(Extracted data entries)
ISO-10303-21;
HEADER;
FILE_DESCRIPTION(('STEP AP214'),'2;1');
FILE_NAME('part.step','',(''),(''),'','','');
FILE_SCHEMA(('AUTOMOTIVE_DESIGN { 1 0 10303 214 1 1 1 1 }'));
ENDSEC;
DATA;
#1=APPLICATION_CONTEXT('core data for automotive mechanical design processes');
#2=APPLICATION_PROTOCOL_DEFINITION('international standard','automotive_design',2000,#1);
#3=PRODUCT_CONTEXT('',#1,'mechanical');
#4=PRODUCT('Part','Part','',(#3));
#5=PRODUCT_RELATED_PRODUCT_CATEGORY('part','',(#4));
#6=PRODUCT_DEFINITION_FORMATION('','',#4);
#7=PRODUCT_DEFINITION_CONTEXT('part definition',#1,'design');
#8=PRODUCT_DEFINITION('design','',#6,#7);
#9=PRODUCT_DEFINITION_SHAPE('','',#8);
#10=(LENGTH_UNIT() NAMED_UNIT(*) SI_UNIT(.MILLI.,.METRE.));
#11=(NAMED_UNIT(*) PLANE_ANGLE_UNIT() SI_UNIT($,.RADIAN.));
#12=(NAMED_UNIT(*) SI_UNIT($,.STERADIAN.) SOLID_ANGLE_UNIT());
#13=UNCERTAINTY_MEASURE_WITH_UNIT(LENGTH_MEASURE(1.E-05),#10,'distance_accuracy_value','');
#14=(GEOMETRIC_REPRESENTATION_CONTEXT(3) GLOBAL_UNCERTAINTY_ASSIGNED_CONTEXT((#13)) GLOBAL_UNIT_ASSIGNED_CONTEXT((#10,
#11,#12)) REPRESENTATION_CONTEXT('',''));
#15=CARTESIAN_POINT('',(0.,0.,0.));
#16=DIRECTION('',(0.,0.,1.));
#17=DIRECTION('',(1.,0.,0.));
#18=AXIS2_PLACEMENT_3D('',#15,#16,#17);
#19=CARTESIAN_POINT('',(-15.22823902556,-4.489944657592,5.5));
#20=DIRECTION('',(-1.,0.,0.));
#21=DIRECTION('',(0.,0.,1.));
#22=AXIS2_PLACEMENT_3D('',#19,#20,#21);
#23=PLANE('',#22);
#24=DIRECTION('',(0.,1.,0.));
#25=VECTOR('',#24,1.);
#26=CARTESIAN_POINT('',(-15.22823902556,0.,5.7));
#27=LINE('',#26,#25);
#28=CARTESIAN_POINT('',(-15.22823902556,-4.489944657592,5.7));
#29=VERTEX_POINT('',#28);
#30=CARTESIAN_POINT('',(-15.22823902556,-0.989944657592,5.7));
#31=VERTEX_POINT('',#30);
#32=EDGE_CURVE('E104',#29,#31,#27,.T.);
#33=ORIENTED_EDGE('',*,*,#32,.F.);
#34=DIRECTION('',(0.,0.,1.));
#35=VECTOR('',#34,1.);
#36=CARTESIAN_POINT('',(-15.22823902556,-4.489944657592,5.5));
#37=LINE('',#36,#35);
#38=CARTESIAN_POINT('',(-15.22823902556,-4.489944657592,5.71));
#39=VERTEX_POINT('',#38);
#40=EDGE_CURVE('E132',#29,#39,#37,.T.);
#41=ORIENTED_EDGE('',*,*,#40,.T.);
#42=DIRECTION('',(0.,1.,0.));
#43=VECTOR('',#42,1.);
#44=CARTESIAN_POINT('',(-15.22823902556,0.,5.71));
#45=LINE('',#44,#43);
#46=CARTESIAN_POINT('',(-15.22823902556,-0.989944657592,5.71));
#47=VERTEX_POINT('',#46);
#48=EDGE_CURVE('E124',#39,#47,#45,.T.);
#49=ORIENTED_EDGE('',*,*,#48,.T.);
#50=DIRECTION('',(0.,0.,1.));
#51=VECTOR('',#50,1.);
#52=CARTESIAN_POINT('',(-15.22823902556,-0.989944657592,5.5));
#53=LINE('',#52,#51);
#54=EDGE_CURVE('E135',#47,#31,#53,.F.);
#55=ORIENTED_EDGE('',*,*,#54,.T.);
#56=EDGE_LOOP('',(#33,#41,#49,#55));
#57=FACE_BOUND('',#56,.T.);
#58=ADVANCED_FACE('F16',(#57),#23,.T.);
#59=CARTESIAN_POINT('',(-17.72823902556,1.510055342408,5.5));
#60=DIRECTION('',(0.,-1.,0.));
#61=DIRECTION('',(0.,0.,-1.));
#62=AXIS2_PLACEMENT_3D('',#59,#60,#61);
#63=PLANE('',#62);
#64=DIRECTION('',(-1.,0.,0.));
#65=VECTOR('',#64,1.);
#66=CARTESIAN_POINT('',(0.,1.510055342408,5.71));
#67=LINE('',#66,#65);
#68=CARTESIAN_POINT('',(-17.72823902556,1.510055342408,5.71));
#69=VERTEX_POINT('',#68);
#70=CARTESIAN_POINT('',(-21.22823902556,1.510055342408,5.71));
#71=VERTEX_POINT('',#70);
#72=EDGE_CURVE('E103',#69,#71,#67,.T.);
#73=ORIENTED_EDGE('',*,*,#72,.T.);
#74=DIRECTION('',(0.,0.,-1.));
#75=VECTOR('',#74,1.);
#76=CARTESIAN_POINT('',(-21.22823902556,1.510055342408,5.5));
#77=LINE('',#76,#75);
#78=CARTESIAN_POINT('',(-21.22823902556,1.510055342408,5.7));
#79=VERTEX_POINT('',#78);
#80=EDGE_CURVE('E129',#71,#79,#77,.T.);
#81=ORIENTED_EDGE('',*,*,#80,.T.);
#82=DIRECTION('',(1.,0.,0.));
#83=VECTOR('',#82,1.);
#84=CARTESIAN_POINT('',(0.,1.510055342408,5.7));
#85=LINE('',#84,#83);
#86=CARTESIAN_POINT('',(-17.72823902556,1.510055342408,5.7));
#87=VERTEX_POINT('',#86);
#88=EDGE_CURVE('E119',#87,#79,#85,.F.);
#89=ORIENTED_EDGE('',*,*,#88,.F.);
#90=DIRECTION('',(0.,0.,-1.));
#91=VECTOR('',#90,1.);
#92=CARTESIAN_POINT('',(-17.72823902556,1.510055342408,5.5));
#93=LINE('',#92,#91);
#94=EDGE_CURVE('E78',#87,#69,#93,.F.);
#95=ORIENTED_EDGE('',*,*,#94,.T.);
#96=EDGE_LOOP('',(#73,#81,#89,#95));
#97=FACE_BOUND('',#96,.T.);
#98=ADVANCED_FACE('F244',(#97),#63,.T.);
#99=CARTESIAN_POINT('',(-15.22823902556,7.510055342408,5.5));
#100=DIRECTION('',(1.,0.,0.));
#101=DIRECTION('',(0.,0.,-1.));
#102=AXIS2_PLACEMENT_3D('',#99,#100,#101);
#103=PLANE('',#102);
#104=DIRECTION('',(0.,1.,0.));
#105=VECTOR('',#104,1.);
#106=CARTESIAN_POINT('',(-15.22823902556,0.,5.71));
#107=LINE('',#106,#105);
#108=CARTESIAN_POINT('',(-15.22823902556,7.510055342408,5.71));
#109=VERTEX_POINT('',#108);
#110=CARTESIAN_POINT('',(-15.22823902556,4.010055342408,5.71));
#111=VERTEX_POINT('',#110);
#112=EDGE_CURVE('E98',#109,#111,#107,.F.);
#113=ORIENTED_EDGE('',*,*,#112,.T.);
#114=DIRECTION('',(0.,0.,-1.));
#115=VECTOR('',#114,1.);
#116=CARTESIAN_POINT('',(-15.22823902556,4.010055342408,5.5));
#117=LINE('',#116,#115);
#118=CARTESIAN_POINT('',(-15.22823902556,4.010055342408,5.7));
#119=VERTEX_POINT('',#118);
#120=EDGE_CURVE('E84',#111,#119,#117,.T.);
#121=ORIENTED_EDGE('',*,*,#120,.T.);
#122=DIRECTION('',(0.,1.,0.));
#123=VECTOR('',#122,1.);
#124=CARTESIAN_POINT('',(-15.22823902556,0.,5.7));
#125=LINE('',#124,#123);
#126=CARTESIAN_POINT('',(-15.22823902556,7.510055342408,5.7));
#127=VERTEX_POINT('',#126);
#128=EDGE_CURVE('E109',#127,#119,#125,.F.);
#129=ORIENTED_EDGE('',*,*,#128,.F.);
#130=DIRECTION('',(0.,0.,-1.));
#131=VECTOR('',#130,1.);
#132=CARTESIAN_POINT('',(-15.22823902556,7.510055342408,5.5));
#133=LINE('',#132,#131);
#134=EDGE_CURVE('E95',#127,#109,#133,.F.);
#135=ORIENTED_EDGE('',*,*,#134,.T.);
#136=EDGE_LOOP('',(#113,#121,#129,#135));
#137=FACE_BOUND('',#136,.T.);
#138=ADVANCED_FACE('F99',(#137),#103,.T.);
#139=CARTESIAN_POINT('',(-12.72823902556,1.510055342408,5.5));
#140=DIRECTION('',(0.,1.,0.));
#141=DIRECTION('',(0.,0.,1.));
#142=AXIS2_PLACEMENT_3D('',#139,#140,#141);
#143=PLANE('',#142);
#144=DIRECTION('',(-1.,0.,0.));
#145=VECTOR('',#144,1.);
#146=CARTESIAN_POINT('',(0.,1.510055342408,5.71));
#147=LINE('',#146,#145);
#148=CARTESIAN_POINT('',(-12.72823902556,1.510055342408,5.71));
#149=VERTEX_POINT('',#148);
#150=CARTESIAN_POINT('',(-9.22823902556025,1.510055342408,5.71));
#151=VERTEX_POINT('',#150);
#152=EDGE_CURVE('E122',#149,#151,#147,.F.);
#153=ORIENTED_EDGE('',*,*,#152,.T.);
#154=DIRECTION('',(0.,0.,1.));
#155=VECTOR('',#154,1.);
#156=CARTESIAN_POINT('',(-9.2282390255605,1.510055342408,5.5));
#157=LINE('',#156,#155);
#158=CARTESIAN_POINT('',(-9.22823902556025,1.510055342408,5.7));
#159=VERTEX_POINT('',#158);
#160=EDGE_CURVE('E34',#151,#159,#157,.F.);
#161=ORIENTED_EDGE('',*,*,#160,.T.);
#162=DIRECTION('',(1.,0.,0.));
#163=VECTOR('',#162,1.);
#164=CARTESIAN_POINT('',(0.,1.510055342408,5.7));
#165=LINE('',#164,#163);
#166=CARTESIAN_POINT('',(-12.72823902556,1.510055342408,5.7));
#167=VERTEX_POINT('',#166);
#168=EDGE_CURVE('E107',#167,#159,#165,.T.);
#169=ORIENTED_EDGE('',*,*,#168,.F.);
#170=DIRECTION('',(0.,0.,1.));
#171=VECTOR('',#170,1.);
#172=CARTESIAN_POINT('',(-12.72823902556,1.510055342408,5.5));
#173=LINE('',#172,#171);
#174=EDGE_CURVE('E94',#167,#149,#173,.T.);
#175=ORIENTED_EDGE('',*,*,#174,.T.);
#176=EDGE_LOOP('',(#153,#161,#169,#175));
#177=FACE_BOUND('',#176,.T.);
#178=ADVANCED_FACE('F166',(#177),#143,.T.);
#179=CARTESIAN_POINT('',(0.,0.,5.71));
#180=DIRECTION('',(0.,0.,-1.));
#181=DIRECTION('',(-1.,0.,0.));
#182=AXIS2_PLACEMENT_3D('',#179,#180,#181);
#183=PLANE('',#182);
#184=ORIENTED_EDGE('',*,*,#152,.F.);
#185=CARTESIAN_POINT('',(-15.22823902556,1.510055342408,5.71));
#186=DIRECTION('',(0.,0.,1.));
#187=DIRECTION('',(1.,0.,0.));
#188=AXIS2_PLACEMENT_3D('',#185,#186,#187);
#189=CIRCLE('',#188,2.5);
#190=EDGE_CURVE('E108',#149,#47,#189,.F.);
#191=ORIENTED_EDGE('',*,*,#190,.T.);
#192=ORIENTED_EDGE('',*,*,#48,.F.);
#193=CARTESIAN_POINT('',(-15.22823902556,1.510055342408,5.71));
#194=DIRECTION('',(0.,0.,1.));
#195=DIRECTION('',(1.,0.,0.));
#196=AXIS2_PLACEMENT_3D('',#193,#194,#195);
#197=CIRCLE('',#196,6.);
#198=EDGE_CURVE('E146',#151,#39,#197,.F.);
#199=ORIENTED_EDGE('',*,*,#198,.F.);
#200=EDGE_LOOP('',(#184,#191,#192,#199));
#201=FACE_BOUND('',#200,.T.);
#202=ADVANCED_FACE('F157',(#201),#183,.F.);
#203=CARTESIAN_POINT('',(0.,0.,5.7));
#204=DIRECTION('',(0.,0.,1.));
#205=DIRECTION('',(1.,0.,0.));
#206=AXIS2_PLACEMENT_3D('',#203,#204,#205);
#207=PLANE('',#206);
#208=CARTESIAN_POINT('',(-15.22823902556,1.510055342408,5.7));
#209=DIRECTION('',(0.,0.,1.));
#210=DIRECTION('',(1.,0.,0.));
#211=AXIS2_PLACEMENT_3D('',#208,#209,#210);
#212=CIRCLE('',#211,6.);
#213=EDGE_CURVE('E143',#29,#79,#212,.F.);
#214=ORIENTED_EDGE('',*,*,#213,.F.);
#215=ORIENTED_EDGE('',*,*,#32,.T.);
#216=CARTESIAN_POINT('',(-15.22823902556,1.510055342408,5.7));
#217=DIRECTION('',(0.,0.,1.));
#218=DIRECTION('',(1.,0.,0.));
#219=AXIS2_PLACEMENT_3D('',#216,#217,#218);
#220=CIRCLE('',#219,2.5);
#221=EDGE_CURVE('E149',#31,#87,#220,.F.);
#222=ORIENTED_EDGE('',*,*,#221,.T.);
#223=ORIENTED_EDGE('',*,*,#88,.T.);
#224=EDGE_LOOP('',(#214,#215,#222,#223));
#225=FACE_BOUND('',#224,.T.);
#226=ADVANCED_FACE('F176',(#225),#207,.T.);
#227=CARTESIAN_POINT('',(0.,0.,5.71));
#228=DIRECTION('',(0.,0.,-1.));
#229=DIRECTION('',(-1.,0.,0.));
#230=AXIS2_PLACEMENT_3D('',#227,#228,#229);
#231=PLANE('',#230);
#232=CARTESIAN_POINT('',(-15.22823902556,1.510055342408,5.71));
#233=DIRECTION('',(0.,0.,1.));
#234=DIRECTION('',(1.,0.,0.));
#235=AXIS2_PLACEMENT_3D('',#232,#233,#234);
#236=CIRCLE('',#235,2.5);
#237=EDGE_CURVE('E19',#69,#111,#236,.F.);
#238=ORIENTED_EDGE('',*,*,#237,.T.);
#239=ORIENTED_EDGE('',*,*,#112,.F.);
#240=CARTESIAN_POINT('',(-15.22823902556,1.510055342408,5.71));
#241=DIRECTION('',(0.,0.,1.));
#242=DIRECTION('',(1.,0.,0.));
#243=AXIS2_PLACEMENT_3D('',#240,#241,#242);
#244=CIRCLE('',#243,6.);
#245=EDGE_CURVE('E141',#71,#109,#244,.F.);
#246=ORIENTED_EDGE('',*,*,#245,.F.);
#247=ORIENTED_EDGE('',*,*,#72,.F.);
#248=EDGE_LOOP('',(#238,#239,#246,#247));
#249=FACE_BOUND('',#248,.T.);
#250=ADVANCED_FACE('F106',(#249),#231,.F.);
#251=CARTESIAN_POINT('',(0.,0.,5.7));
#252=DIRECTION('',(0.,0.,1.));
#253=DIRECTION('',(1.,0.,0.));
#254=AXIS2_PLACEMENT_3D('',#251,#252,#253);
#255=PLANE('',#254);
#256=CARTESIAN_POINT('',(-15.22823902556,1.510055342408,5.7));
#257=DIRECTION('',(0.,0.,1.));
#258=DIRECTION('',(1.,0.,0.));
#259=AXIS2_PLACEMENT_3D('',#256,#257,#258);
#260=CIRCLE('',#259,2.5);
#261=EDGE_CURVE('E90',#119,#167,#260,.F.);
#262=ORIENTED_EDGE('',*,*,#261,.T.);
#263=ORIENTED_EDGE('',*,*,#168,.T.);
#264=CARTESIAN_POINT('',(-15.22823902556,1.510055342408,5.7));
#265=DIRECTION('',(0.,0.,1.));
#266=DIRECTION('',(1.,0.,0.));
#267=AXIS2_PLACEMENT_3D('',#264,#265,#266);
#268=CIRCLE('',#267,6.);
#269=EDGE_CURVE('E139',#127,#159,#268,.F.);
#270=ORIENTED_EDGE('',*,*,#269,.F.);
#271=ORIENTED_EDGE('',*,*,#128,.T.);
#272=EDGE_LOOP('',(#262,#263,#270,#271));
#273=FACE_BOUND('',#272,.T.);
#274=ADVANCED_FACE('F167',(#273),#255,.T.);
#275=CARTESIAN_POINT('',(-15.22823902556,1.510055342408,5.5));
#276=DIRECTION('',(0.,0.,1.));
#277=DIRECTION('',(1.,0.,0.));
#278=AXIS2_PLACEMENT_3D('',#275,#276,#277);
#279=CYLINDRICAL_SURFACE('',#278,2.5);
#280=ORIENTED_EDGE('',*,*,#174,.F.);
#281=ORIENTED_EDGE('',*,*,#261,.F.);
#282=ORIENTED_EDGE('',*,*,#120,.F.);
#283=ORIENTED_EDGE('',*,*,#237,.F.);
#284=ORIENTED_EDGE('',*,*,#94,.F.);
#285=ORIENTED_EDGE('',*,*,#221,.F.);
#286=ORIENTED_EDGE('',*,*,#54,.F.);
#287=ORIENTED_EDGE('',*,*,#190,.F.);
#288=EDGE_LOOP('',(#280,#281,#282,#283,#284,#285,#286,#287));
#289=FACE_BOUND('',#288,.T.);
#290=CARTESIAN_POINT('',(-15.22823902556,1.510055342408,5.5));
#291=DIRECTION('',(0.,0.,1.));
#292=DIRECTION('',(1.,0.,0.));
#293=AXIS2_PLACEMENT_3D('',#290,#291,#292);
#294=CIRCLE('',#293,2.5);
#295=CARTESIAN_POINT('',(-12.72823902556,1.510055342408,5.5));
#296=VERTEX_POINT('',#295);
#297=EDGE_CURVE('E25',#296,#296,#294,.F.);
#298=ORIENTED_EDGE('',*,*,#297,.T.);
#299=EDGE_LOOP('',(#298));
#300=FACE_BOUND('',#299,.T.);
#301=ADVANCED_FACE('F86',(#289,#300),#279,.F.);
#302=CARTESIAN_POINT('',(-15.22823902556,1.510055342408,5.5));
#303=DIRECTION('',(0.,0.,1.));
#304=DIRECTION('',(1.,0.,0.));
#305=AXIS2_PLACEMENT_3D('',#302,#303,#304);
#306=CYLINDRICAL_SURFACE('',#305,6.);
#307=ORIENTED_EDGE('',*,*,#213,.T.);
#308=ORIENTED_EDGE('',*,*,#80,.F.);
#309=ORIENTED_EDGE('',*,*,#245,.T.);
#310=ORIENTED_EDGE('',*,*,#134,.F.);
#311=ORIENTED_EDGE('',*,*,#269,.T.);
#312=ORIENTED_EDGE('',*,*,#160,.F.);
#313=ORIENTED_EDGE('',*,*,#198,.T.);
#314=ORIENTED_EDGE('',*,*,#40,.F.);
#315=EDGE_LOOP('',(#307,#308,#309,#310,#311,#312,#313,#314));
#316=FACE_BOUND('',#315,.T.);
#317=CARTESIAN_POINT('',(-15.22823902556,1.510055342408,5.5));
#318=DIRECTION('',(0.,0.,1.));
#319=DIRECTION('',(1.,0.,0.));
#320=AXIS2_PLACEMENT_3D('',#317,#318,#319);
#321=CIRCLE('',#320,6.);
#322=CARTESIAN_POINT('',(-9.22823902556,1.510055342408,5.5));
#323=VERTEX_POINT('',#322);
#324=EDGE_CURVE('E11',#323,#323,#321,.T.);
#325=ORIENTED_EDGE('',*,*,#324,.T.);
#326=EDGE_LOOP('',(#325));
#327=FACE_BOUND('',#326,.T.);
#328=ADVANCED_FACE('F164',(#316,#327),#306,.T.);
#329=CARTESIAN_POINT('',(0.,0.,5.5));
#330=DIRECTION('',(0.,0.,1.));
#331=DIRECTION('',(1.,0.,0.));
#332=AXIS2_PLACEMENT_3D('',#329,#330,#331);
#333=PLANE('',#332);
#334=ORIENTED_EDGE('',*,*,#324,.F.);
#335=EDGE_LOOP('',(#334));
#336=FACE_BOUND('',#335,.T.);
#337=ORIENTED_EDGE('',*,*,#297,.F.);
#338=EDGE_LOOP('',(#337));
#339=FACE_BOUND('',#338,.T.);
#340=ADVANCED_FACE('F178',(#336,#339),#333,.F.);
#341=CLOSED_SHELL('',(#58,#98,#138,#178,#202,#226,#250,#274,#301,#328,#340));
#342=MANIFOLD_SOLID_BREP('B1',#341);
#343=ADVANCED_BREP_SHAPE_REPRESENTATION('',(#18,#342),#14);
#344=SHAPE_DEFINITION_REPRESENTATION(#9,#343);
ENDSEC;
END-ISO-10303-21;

**What is expected:** What you give back should be only the lines of the records above, starting at the line with "#316=FACE_BOUND('',#315,.T.);" and ending at the line with "#326=EDGE_LOOP('',(#325));", restated word for word.

**Answer space:**
#316=FACE_BOUND('',#315,.T.);
#317=CARTESIAN_POINT('',(-15.22823902556,1.510055342408,5.5));
#318=DIRECTION('',(0.,0.,1.));
#319=DIRECTION('',(1.,0.,0.));
#320=AXIS2_PLACEMENT_3D('',#317,#318,#319);
#321=CIRCLE('',#320,6.);
#322=CARTESIAN_POINT('',(-9.22823902556,1.510055342408,5.5));
#323=VERTEX_POINT('',#322);
#324=EDGE_CURVE('E11',#323,#323,#321,.T.);
#325=ORIENTED_EDGE('',*,*,#324,.T.);
#326=EDGE_LOOP('',(#325));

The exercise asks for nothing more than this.